What is being asked >>
Leave the pictures out while you restate every entry below word for word.

Collected data:
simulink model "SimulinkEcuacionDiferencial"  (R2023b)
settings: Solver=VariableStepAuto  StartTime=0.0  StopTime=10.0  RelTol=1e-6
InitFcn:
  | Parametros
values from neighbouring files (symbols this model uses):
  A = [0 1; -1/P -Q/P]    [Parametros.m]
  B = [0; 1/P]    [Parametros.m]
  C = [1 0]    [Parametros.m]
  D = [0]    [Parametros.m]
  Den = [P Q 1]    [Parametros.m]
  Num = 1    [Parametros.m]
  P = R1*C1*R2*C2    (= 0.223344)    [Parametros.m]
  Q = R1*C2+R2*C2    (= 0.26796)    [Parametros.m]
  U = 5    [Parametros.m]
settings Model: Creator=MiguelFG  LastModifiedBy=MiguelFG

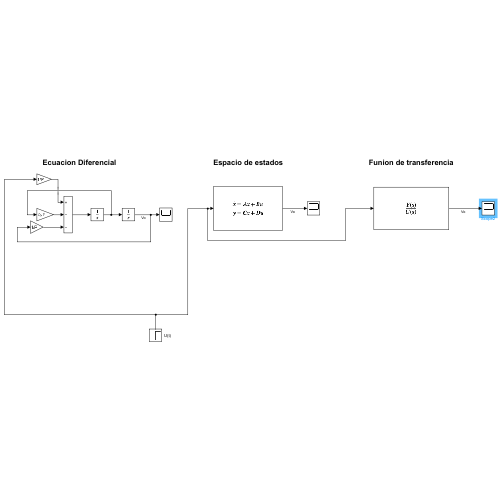
[thumbnail: Simulink's stored preview of the top-level diagram]
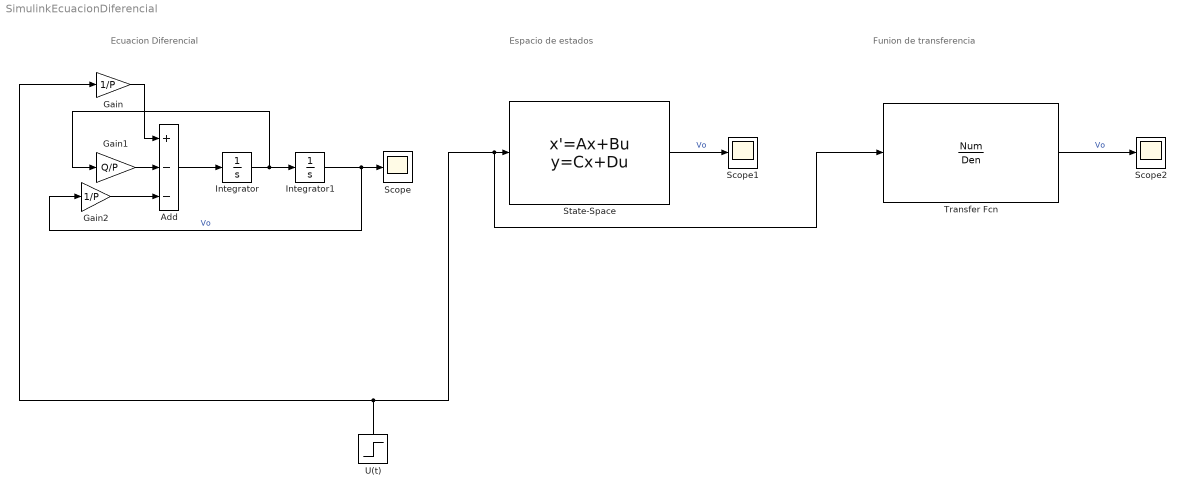
== system SimulinkEcuacionDiferencial ==
  note: Ecuacion Diferencial
  note: Espacio de estados
  note: Funion de transferencia
  Add : Sum  Inputs=+--
  Gain : Gain  Gain=1/P
  Gain1 : Gain  Gain=Q/P
  Gain2 : Gain  Gain=1/P
  Integrator : Integrator
  Integrator1 : Integrator
  Scope : Scope
  Scope1 : Scope
  Scope2 : Scope
  State-Space : StateSpace  A=A  B=B  C=C  D=D  InitialCondition=0
  Transfer Fcn : TransferFcn  Numerator=Num  Denominator=Den
  U(t) : Step  Time=0  After=U  SampleTime=0
  wires:
  Gain2/1 -> Add/3
  Integrator/1 -> Integrator1/1, Gain1/1
  Add/1 -> Integrator/1
  Integrator1/1 -> Gain2/1, Scope/1  "Vo"
  Gain/1 -> Add/1
  Gain1/1 -> Add/2
  State-Space/1 -> Scope1/1  "Vo"
  Transfer Fcn/1 -> Scope2/1  "Vo"
  U(t)/1 -> Gain/1, Transfer Fcn/1, State-Space/1

Result for this task >>
simulink model "SimulinkEcuacionDiferencial"  (R2023b)
settings: Solver=VariableStepAuto  StartTime=0.0  StopTime=10.0  RelTol=1e-6
InitFcn:
  | Parametros
values from neighbouring files (symbols this model uses):
  A = [0 1; -1/P -Q/P]    [Parametros.m]
  B = [0; 1/P]    [Parametros.m]
  C = [1 0]    [Parametros.m]
  D = [0]    [Parametros.m]
  Den = [P Q 1]    [Parametros.m]
  Num = 1    [Parametros.m]
  P = R1*C1*R2*C2    (= 0.223344)    [Parametros.m]
  Q = R1*C2+R2*C2    (= 0.26796)    [Parametros.m]
  U = 5    [Parametros.m]
settings Model: Creator=MiguelFG  LastModifiedBy=MiguelFG

[thumbnail: Simulink's stored preview of the top-level diagram]
== system SimulinkEcuacionDiferencial ==
  note: Ecuacion Diferencial
  note: Espacio de estados
  note: Funion de transferencia
  Add : Sum  Inputs=+--
  Gain : Gain  Gain=1/P
  Gain1 : Gain  Gain=Q/P
  Gain2 : Gain  Gain=1/P
  Integrator : Integrator
  Integrator1 : Integrator
  Scope : Scope
  Scope1 : Scope
  Scope2 : Scope
  State-Space : StateSpace  A=A  B=B  C=C  D=D  InitialCondition=0
  Transfer Fcn : TransferFcn  Numerator=Num  Denominator=Den
  U(t) : Step  Time=0  After=U  SampleTime=0
  wires:
  Gain2/1 -> Add/3
  Integrator/1 -> Integrator1/1, Gain1/1
  Add/1 -> Integrator/1
  Integrator1/1 -> Gain2/1, Scope/1  "Vo"
  Gain/1 -> Add/1
  Gain1/1 -> Add/2
  State-Space/1 -> Scope1/1  "Vo"
  Transfer Fcn/1 -> Scope2/1  "Vo"
  U(t)/1 -> Gain/1, Transfer Fcn/1, State-Space/1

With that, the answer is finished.